▶ _Available data_:
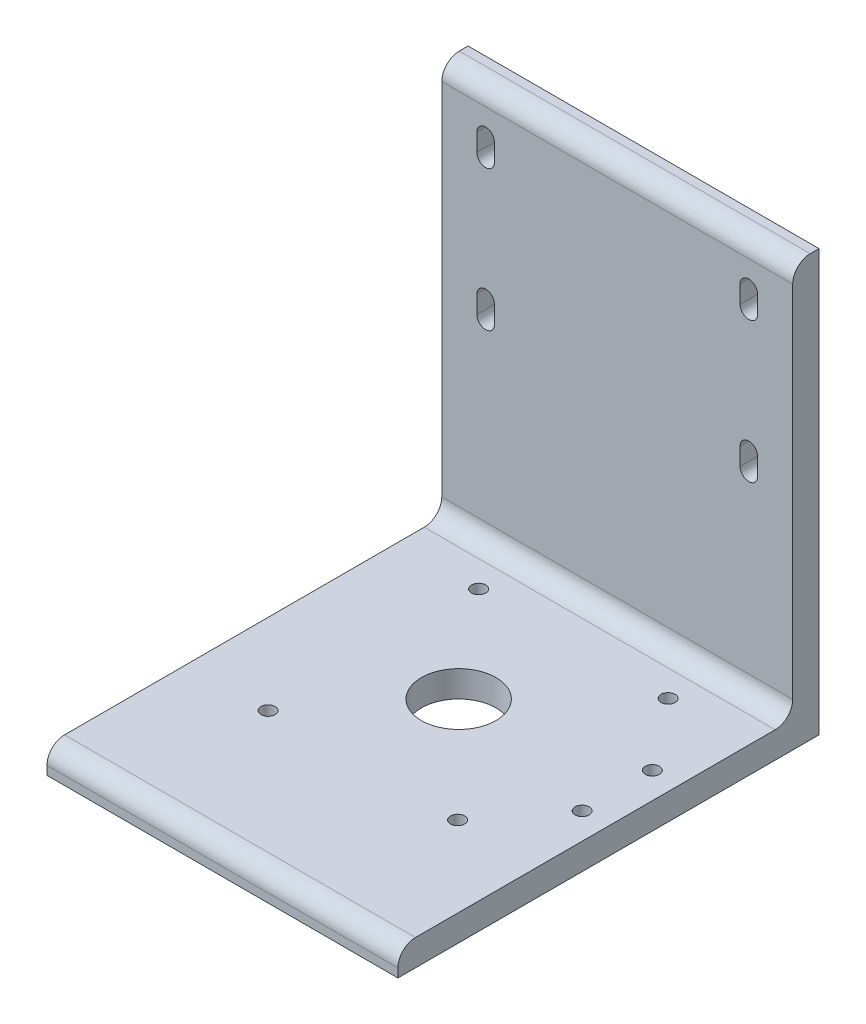
ISO-10303-21;
HEADER;
FILE_DESCRIPTION(('STEP AP214'),'2;1');
FILE_NAME('part.step','',(''),(''),'','','');
FILE_SCHEMA(('AUTOMOTIVE_DESIGN { 1 0 10303 214 1 1 1 1 }'));
ENDSEC;
DATA;
#1=APPLICATION_CONTEXT('core data for automotive mechanical design processes');
#2=APPLICATION_PROTOCOL_DEFINITION('international standard','automotive_design',2000,#1);
#3=PRODUCT_CONTEXT('',#1,'mechanical');
#4=PRODUCT('Part','Part','',(#3));
#5=PRODUCT_RELATED_PRODUCT_CATEGORY('part','',(#4));
#6=PRODUCT_DEFINITION_FORMATION('','',#4);
#7=PRODUCT_DEFINITION_CONTEXT('part definition',#1,'design');
#8=PRODUCT_DEFINITION('design','',#6,#7);
#9=PRODUCT_DEFINITION_SHAPE('','',#8);
#10=(LENGTH_UNIT() NAMED_UNIT(*) SI_UNIT(.MILLI.,.METRE.));
#11=(NAMED_UNIT(*) PLANE_ANGLE_UNIT() SI_UNIT($,.RADIAN.));
#12=(NAMED_UNIT(*) SI_UNIT($,.STERADIAN.) SOLID_ANGLE_UNIT());
#13=UNCERTAINTY_MEASURE_WITH_UNIT(LENGTH_MEASURE(1.E-05),#10,'distance_accuracy_value','');
#14=(GEOMETRIC_REPRESENTATION_CONTEXT(3) GLOBAL_UNCERTAINTY_ASSIGNED_CONTEXT((#13)) GLOBAL_UNIT_ASSIGNED_CONTEXT((#10,
#11,#12)) REPRESENTATION_CONTEXT('',''));
#15=CARTESIAN_POINT('',(0.,0.,0.));
#16=DIRECTION('',(0.,0.,1.));
#17=DIRECTION('',(1.,0.,0.));
#18=AXIS2_PLACEMENT_3D('',#15,#16,#17);
#19=CARTESIAN_POINT('',(63.5,0.,152.4));
#20=DIRECTION('',(0.,1.,0.));
#21=DIRECTION('',(0.,0.,1.));
#22=AXIS2_PLACEMENT_3D('',#19,#20,#21);
#23=PLANE('',#22);
#24=CARTESIAN_POINT('',(53.975,0.,50.8));
#25=DIRECTION('',(0.,-1.,0.));
#26=DIRECTION('',(0.,0.,-1.));
#27=AXIS2_PLACEMENT_3D('',#24,#25,#26);
#28=CIRCLE('',#27,2.55269999999999);
#29=CARTESIAN_POINT('',(53.975,0.,48.2473));
#30=VERTEX_POINT('',#29);
#31=EDGE_CURVE('E328',#30,#30,#28,.T.);
#32=ORIENTED_EDGE('',*,*,#31,.F.);
#33=EDGE_LOOP('',(#32));
#34=FACE_BOUND('',#33,.T.);
#35=CARTESIAN_POINT('',(53.975,0.,76.2));
#36=DIRECTION('',(0.,-1.,0.));
#37=DIRECTION('',(0.,0.,-1.));
#38=AXIS2_PLACEMENT_3D('',#35,#36,#37);
#39=CIRCLE('',#38,2.55269999999999);
#40=CARTESIAN_POINT('',(53.975,0.,73.6473));
#41=VERTEX_POINT('',#40);
#42=EDGE_CURVE('E332',#41,#41,#39,.T.);
#43=ORIENTED_EDGE('',*,*,#42,.F.);
#44=EDGE_LOOP('',(#43));
#45=FACE_BOUND('',#44,.T.);
#46=CARTESIAN_POINT('',(-3.4036,0.,63.5));
#47=DIRECTION('',(0.,1.,0.));
#48=DIRECTION('',(0.,0.,1.));
#49=AXIS2_PLACEMENT_3D('',#46,#47,#48);
#50=CIRCLE('',#49,13.49375);
#51=CARTESIAN_POINT('',(-3.4036,0.,76.99375));
#52=VERTEX_POINT('',#51);
#53=EDGE_CURVE('E341',#52,#52,#50,.T.);
#54=ORIENTED_EDGE('',*,*,#53,.T.);
#55=EDGE_LOOP('',(#54));
#56=FACE_BOUND('',#55,.T.);
#57=CARTESIAN_POINT('',(-34.29,0.,25.4));
#58=DIRECTION('',(0.,1.,0.));
#59=DIRECTION('',(0.,0.,1.));
#60=AXIS2_PLACEMENT_3D('',#57,#58,#59);
#61=CIRCLE('',#60,2.55269999999999);
#62=CARTESIAN_POINT('',(-34.29,0.,27.9527));
#63=VERTEX_POINT('',#62);
#64=EDGE_CURVE('E349',#63,#63,#61,.T.);
#65=ORIENTED_EDGE('',*,*,#64,.T.);
#66=EDGE_LOOP('',(#65));
#67=FACE_BOUND('',#66,.T.);
#68=CARTESIAN_POINT('',(34.29,0.,101.6));
#69=DIRECTION('',(0.,1.,0.));
#70=DIRECTION('',(0.,0.,1.));
#71=AXIS2_PLACEMENT_3D('',#68,#69,#70);
#72=CIRCLE('',#71,2.55269999999999);
#73=CARTESIAN_POINT('',(34.29,0.,104.1527));
#74=VERTEX_POINT('',#73);
#75=EDGE_CURVE('E355',#74,#74,#72,.T.);
#76=ORIENTED_EDGE('',*,*,#75,.T.);
#77=EDGE_LOOP('',(#76));
#78=FACE_BOUND('',#77,.T.);
#79=CARTESIAN_POINT('',(-34.29,0.,101.6));
#80=DIRECTION('',(0.,1.,0.));
#81=DIRECTION('',(0.,0.,1.));
#82=AXIS2_PLACEMENT_3D('',#79,#80,#81);
#83=CIRCLE('',#82,2.55269999999999);
#84=CARTESIAN_POINT('',(-34.29,0.,104.1527));
#85=VERTEX_POINT('',#84);
#86=EDGE_CURVE('E361',#85,#85,#83,.T.);
#87=ORIENTED_EDGE('',*,*,#86,.T.);
#88=EDGE_LOOP('',(#87));
#89=FACE_BOUND('',#88,.T.);
#90=CARTESIAN_POINT('',(34.29,0.,25.4));
#91=DIRECTION('',(0.,1.,0.));
#92=DIRECTION('',(0.,0.,1.));
#93=AXIS2_PLACEMENT_3D('',#90,#91,#92);
#94=CIRCLE('',#93,2.55269999999999);
#95=CARTESIAN_POINT('',(34.29,0.,27.9527));
#96=VERTEX_POINT('',#95);
#97=EDGE_CURVE('E367',#96,#96,#94,.T.);
#98=ORIENTED_EDGE('',*,*,#97,.T.);
#99=EDGE_LOOP('',(#98));
#100=FACE_BOUND('',#99,.T.);
#101=DIRECTION('',(0.,0.,-1.));
#102=VECTOR('',#101,1.);
#103=CARTESIAN_POINT('',(-63.5,0.,152.4));
#104=LINE('',#103,#102);
#105=CARTESIAN_POINT('',(-63.5,0.,152.4));
#106=VERTEX_POINT('',#105);
#107=CARTESIAN_POINT('',(-63.5,0.,0.));
#108=VERTEX_POINT('',#107);
#109=EDGE_CURVE('E370',#106,#108,#104,.T.);
#110=ORIENTED_EDGE('',*,*,#109,.T.);
#111=DIRECTION('',(-1.,0.,0.));
#112=VECTOR('',#111,1.);
#113=CARTESIAN_POINT('',(63.5,0.,0.));
#114=LINE('',#113,#112);
#115=CARTESIAN_POINT('',(63.5,0.,0.));
#116=VERTEX_POINT('',#115);
#117=EDGE_CURVE('E408',#116,#108,#114,.T.);
#118=ORIENTED_EDGE('',*,*,#117,.F.);
#119=DIRECTION('',(0.,0.,-1.));
#120=VECTOR('',#119,1.);
#121=CARTESIAN_POINT('',(63.5,0.,152.4));
#122=LINE('',#121,#120);
#123=CARTESIAN_POINT('',(63.5,0.,152.4));
#124=VERTEX_POINT('',#123);
#125=EDGE_CURVE('E371',#124,#116,#122,.T.);
#126=ORIENTED_EDGE('',*,*,#125,.F.);
#127=DIRECTION('',(-1.,0.,0.));
#128=VECTOR('',#127,1.);
#129=CARTESIAN_POINT('',(63.5,0.,152.4));
#130=LINE('',#129,#128);
#131=EDGE_CURVE('E388',#124,#106,#130,.T.);
#132=ORIENTED_EDGE('',*,*,#131,.T.);
#133=EDGE_LOOP('',(#110,#118,#126,#132));
#134=FACE_BOUND('',#133,.T.);
#135=ADVANCED_FACE('F33',(#34,#45,#56,#67,#78,#89,#100,#134),#23,.F.);
#136=CARTESIAN_POINT('',(63.5,0.,0.));
#137=DIRECTION('',(0.,0.,1.));
#138=DIRECTION('',(1.,0.,0.));
#139=AXIS2_PLACEMENT_3D('',#136,#137,#138);
#140=PLANE('',#139);
#141=DIRECTION('',(0.,-1.,0.));
#142=VECTOR('',#141,1.);
#143=CARTESIAN_POINT('',(-44.45,136.525,0.));
#144=LINE('',#143,#142);
#145=CARTESIAN_POINT('',(-44.45,136.525,0.));
#146=VERTEX_POINT('',#145);
#147=CARTESIAN_POINT('',(-44.45,130.175,0.));
#148=VERTEX_POINT('',#147);
#149=EDGE_CURVE('E221',#146,#148,#144,.T.);
#150=ORIENTED_EDGE('',*,*,#149,.F.);
#151=CARTESIAN_POINT('',(-47.625,136.525,0.));
#152=DIRECTION('',(0.,0.,-1.));
#153=DIRECTION('',(-1.,0.,0.));
#154=AXIS2_PLACEMENT_3D('',#151,#152,#153);
#155=CIRCLE('',#154,3.175);
#156=CARTESIAN_POINT('',(-50.8,136.525,0.));
#157=VERTEX_POINT('',#156);
#158=EDGE_CURVE('E48',#157,#146,#155,.T.);
#159=ORIENTED_EDGE('',*,*,#158,.F.);
#160=DIRECTION('',(0.,1.,0.));
#161=VECTOR('',#160,1.);
#162=CARTESIAN_POINT('',(-50.8,136.525,0.));
#163=LINE('',#162,#161);
#164=CARTESIAN_POINT('',(-50.8,130.175,0.));
#165=VERTEX_POINT('',#164);
#166=EDGE_CURVE('E207',#165,#157,#163,.T.);
#167=ORIENTED_EDGE('',*,*,#166,.F.);
#168=CARTESIAN_POINT('',(-47.625,130.175,0.));
#169=DIRECTION('',(0.,0.,-1.));
#170=DIRECTION('',(-1.,0.,0.));
#171=AXIS2_PLACEMENT_3D('',#168,#169,#170);
#172=CIRCLE('',#171,3.175);
#173=EDGE_CURVE('E227',#148,#165,#172,.T.);
#174=ORIENTED_EDGE('',*,*,#173,.F.);
#175=EDGE_LOOP('',(#150,#159,#167,#174));
#176=FACE_BOUND('',#175,.T.);
#177=DIRECTION('',(0.,-1.,0.));
#178=VECTOR('',#177,1.);
#179=CARTESIAN_POINT('',(-44.45,85.725,0.));
#180=LINE('',#179,#178);
#181=CARTESIAN_POINT('',(-44.45,85.725,0.));
#182=VERTEX_POINT('',#181);
#183=CARTESIAN_POINT('',(-44.45,79.375,0.));
#184=VERTEX_POINT('',#183);
#185=EDGE_CURVE('E245',#182,#184,#180,.T.);
#186=ORIENTED_EDGE('',*,*,#185,.F.);
#187=CARTESIAN_POINT('',(-47.625,85.725,0.));
#188=DIRECTION('',(0.,0.,-1.));
#189=DIRECTION('',(-1.,0.,0.));
#190=AXIS2_PLACEMENT_3D('',#187,#188,#189);
#191=CIRCLE('',#190,3.175);
#192=CARTESIAN_POINT('',(-50.8,85.725,0.));
#193=VERTEX_POINT('',#192);
#194=EDGE_CURVE('E243',#193,#182,#191,.T.);
#195=ORIENTED_EDGE('',*,*,#194,.F.);
#196=DIRECTION('',(0.,1.,0.));
#197=VECTOR('',#196,1.);
#198=CARTESIAN_POINT('',(-50.8,85.725,0.));
#199=LINE('',#198,#197);
#200=CARTESIAN_POINT('',(-50.8,79.375,0.));
#201=VERTEX_POINT('',#200);
#202=EDGE_CURVE('E251',#201,#193,#199,.T.);
#203=ORIENTED_EDGE('',*,*,#202,.F.);
#204=CARTESIAN_POINT('',(-47.625,79.375,0.));
#205=DIRECTION('',(0.,0.,-1.));
#206=DIRECTION('',(-1.,0.,0.));
#207=AXIS2_PLACEMENT_3D('',#204,#205,#206);
#208=CIRCLE('',#207,3.175);
#209=EDGE_CURVE('E248',#184,#201,#208,.T.);
#210=ORIENTED_EDGE('',*,*,#209,.F.);
#211=EDGE_LOOP('',(#186,#195,#203,#210));
#212=FACE_BOUND('',#211,.T.);
#213=DIRECTION('',(0.,-1.,0.));
#214=VECTOR('',#213,1.);
#215=CARTESIAN_POINT('',(50.8,85.725,0.));
#216=LINE('',#215,#214);
#217=CARTESIAN_POINT('',(50.8,85.725,0.));
#218=VERTEX_POINT('',#217);
#219=CARTESIAN_POINT('',(50.8,79.375,0.));
#220=VERTEX_POINT('',#219);
#221=EDGE_CURVE('E276',#218,#220,#216,.T.);
#222=ORIENTED_EDGE('',*,*,#221,.F.);
#223=CARTESIAN_POINT('',(47.625,85.725,0.));
#224=DIRECTION('',(0.,0.,-1.));
#225=DIRECTION('',(-1.,0.,0.));
#226=AXIS2_PLACEMENT_3D('',#223,#224,#225);
#227=CIRCLE('',#226,3.175);
#228=CARTESIAN_POINT('',(44.45,85.725,0.));
#229=VERTEX_POINT('',#228);
#230=EDGE_CURVE('E274',#229,#218,#227,.T.);
#231=ORIENTED_EDGE('',*,*,#230,.F.);
#232=DIRECTION('',(0.,1.,0.));
#233=VECTOR('',#232,1.);
#234=CARTESIAN_POINT('',(44.45,85.725,0.));
#235=LINE('',#234,#233);
#236=CARTESIAN_POINT('',(44.45,79.375,0.));
#237=VERTEX_POINT('',#236);
#238=EDGE_CURVE('E282',#237,#229,#235,.T.);
#239=ORIENTED_EDGE('',*,*,#238,.F.);
#240=CARTESIAN_POINT('',(47.625,79.375,0.));
#241=DIRECTION('',(0.,0.,-1.));
#242=DIRECTION('',(-1.,0.,0.));
#243=AXIS2_PLACEMENT_3D('',#240,#241,#242);
#244=CIRCLE('',#243,3.175);
#245=EDGE_CURVE('E279',#220,#237,#244,.T.);
#246=ORIENTED_EDGE('',*,*,#245,.F.);
#247=EDGE_LOOP('',(#222,#231,#239,#246));
#248=FACE_BOUND('',#247,.T.);
#249=DIRECTION('',(0.,-1.,0.));
#250=VECTOR('',#249,1.);
#251=CARTESIAN_POINT('',(50.8,136.525,0.));
#252=LINE('',#251,#250);
#253=CARTESIAN_POINT('',(50.8,136.525,0.));
#254=VERTEX_POINT('',#253);
#255=CARTESIAN_POINT('',(50.8,130.175,0.));
#256=VERTEX_POINT('',#255);
#257=EDGE_CURVE('E307',#254,#256,#252,.T.);
#258=ORIENTED_EDGE('',*,*,#257,.F.);
#259=CARTESIAN_POINT('',(47.625,136.525,0.));
#260=DIRECTION('',(0.,0.,-1.));
#261=DIRECTION('',(-1.,0.,0.));
#262=AXIS2_PLACEMENT_3D('',#259,#260,#261);
#263=CIRCLE('',#262,3.175);
#264=CARTESIAN_POINT('',(44.45,136.525,0.));
#265=VERTEX_POINT('',#264);
#266=EDGE_CURVE('E305',#265,#254,#263,.T.);
#267=ORIENTED_EDGE('',*,*,#266,.F.);
#268=DIRECTION('',(0.,1.,0.));
#269=VECTOR('',#268,1.);
#270=CARTESIAN_POINT('',(44.45,136.525,0.));
#271=LINE('',#270,#269);
#272=CARTESIAN_POINT('',(44.45,130.175,0.));
#273=VERTEX_POINT('',#272);
#274=EDGE_CURVE('E313',#273,#265,#271,.T.);
#275=ORIENTED_EDGE('',*,*,#274,.F.);
#276=CARTESIAN_POINT('',(47.625,130.175,0.));
#277=DIRECTION('',(0.,0.,-1.));
#278=DIRECTION('',(-1.,0.,0.));
#279=AXIS2_PLACEMENT_3D('',#276,#277,#278);
#280=CIRCLE('',#279,3.175);
#281=EDGE_CURVE('E310',#256,#273,#280,.T.);
#282=ORIENTED_EDGE('',*,*,#281,.F.);
#283=EDGE_LOOP('',(#258,#267,#275,#282));
#284=FACE_BOUND('',#283,.T.);
#285=DIRECTION('',(0.,1.,0.));
#286=VECTOR('',#285,1.);
#287=CARTESIAN_POINT('',(-63.5,0.,0.));
#288=LINE('',#287,#286);
#289=CARTESIAN_POINT('',(-63.5,152.4,0.));
#290=VERTEX_POINT('',#289);
#291=EDGE_CURVE('E391',#108,#290,#288,.T.);
#292=ORIENTED_EDGE('',*,*,#291,.T.);
#293=DIRECTION('',(-1.,0.,0.));
#294=VECTOR('',#293,1.);
#295=CARTESIAN_POINT('',(63.5,152.4,0.));
#296=LINE('',#295,#294);
#297=CARTESIAN_POINT('',(63.5,152.4,0.));
#298=VERTEX_POINT('',#297);
#299=EDGE_CURVE('E405',#298,#290,#296,.T.);
#300=ORIENTED_EDGE('',*,*,#299,.F.);
#301=DIRECTION('',(0.,1.,0.));
#302=VECTOR('',#301,1.);
#303=CARTESIAN_POINT('',(63.5,0.,0.));
#304=LINE('',#303,#302);
#305=EDGE_CURVE('E374',#116,#298,#304,.T.);
#306=ORIENTED_EDGE('',*,*,#305,.F.);
#307=ORIENTED_EDGE('',*,*,#117,.T.);
#308=EDGE_LOOP('',(#292,#300,#306,#307));
#309=FACE_BOUND('',#308,.T.);
#310=ADVANCED_FACE('F468',(#176,#212,#248,#284,#309),#140,.F.);
#311=CARTESIAN_POINT('',(63.5,152.4,0.));
#312=DIRECTION('',(0.,-1.,0.));
#313=DIRECTION('',(0.,0.,-1.));
#314=AXIS2_PLACEMENT_3D('',#311,#312,#313);
#315=PLANE('',#314);
#316=DIRECTION('',(0.,0.,1.));
#317=VECTOR('',#316,1.);
#318=CARTESIAN_POINT('',(-63.5,152.4,0.));
#319=LINE('',#318,#317);
#320=CARTESIAN_POINT('',(-63.5,152.4,3.175));
#321=VERTEX_POINT('',#320);
#322=EDGE_CURVE('E393',#290,#321,#319,.T.);
#323=ORIENTED_EDGE('',*,*,#322,.T.);
#324=DIRECTION('',(-1.,0.,0.));
#325=VECTOR('',#324,1.);
#326=CARTESIAN_POINT('',(63.5,152.4,3.175));
#327=LINE('',#326,#325);
#328=CARTESIAN_POINT('',(63.5,152.4,3.175));
#329=VERTEX_POINT('',#328);
#330=EDGE_CURVE('E432',#321,#329,#327,.F.);
#331=ORIENTED_EDGE('',*,*,#330,.T.);
#332=DIRECTION('',(0.,0.,1.));
#333=VECTOR('',#332,1.);
#334=CARTESIAN_POINT('',(63.5,152.4,0.));
#335=LINE('',#334,#333);
#336=EDGE_CURVE('E377',#298,#329,#335,.T.);
#337=ORIENTED_EDGE('',*,*,#336,.F.);
#338=ORIENTED_EDGE('',*,*,#299,.T.);
#339=EDGE_LOOP('',(#323,#331,#337,#338));
#340=FACE_BOUND('',#339,.T.);
#341=ADVANCED_FACE('F471',(#340),#315,.F.);
#342=CARTESIAN_POINT('',(63.5,152.4,9.525));
#343=DIRECTION('',(0.,0.,-1.));
#344=DIRECTION('',(0.,1.,0.));
#345=AXIS2_PLACEMENT_3D('',#342,#343,#344);
#346=PLANE('',#345);
#347=DIRECTION('',(0.,-1.,0.));
#348=VECTOR('',#347,1.);
#349=CARTESIAN_POINT('',(-50.8,136.525,9.52500000000001));
#350=LINE('',#349,#348);
#351=CARTESIAN_POINT('',(-50.8,136.525,9.52500000000001));
#352=VERTEX_POINT('',#351);
#353=CARTESIAN_POINT('',(-50.8,130.175,9.52500000000001));
#354=VERTEX_POINT('',#353);
#355=EDGE_CURVE('E219',#352,#354,#350,.T.);
#356=ORIENTED_EDGE('',*,*,#355,.F.);
#357=CARTESIAN_POINT('',(-47.625,136.525,9.52500000000001));
#358=DIRECTION('',(0.,0.,-1.));
#359=DIRECTION('',(0.,1.,0.));
#360=AXIS2_PLACEMENT_3D('',#357,#358,#359);
#361=CIRCLE('',#360,3.175);
#362=CARTESIAN_POINT('',(-44.45,136.525,9.52500000000001));
#363=VERTEX_POINT('',#362);
#364=EDGE_CURVE('E201',#363,#352,#361,.F.);
#365=ORIENTED_EDGE('',*,*,#364,.F.);
#366=DIRECTION('',(0.,1.,0.));
#367=VECTOR('',#366,1.);
#368=CARTESIAN_POINT('',(-44.45,136.525,9.52500000000001));
#369=LINE('',#368,#367);
#370=CARTESIAN_POINT('',(-44.45,130.175,9.525));
#371=VERTEX_POINT('',#370);
#372=EDGE_CURVE('E210',#371,#363,#369,.T.);
#373=ORIENTED_EDGE('',*,*,#372,.F.);
#374=CARTESIAN_POINT('',(-47.625,130.175,9.52500000000001));
#375=DIRECTION('',(0.,0.,-1.));
#376=DIRECTION('',(0.,1.,0.));
#377=AXIS2_PLACEMENT_3D('',#374,#375,#376);
#378=CIRCLE('',#377,3.175);
#379=EDGE_CURVE('E56',#354,#371,#378,.F.);
#380=ORIENTED_EDGE('',*,*,#379,.F.);
#381=EDGE_LOOP('',(#356,#365,#373,#380));
#382=FACE_BOUND('',#381,.T.);
#383=DIRECTION('',(0.,-1.,0.));
#384=VECTOR('',#383,1.);
#385=CARTESIAN_POINT('',(-50.8,85.725,9.52500000000001));
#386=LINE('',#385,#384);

▶ _Task description_:
After reading the records above, give the number of lines that include "mechanical", and add nothing else.

▶ _Task answer_:
2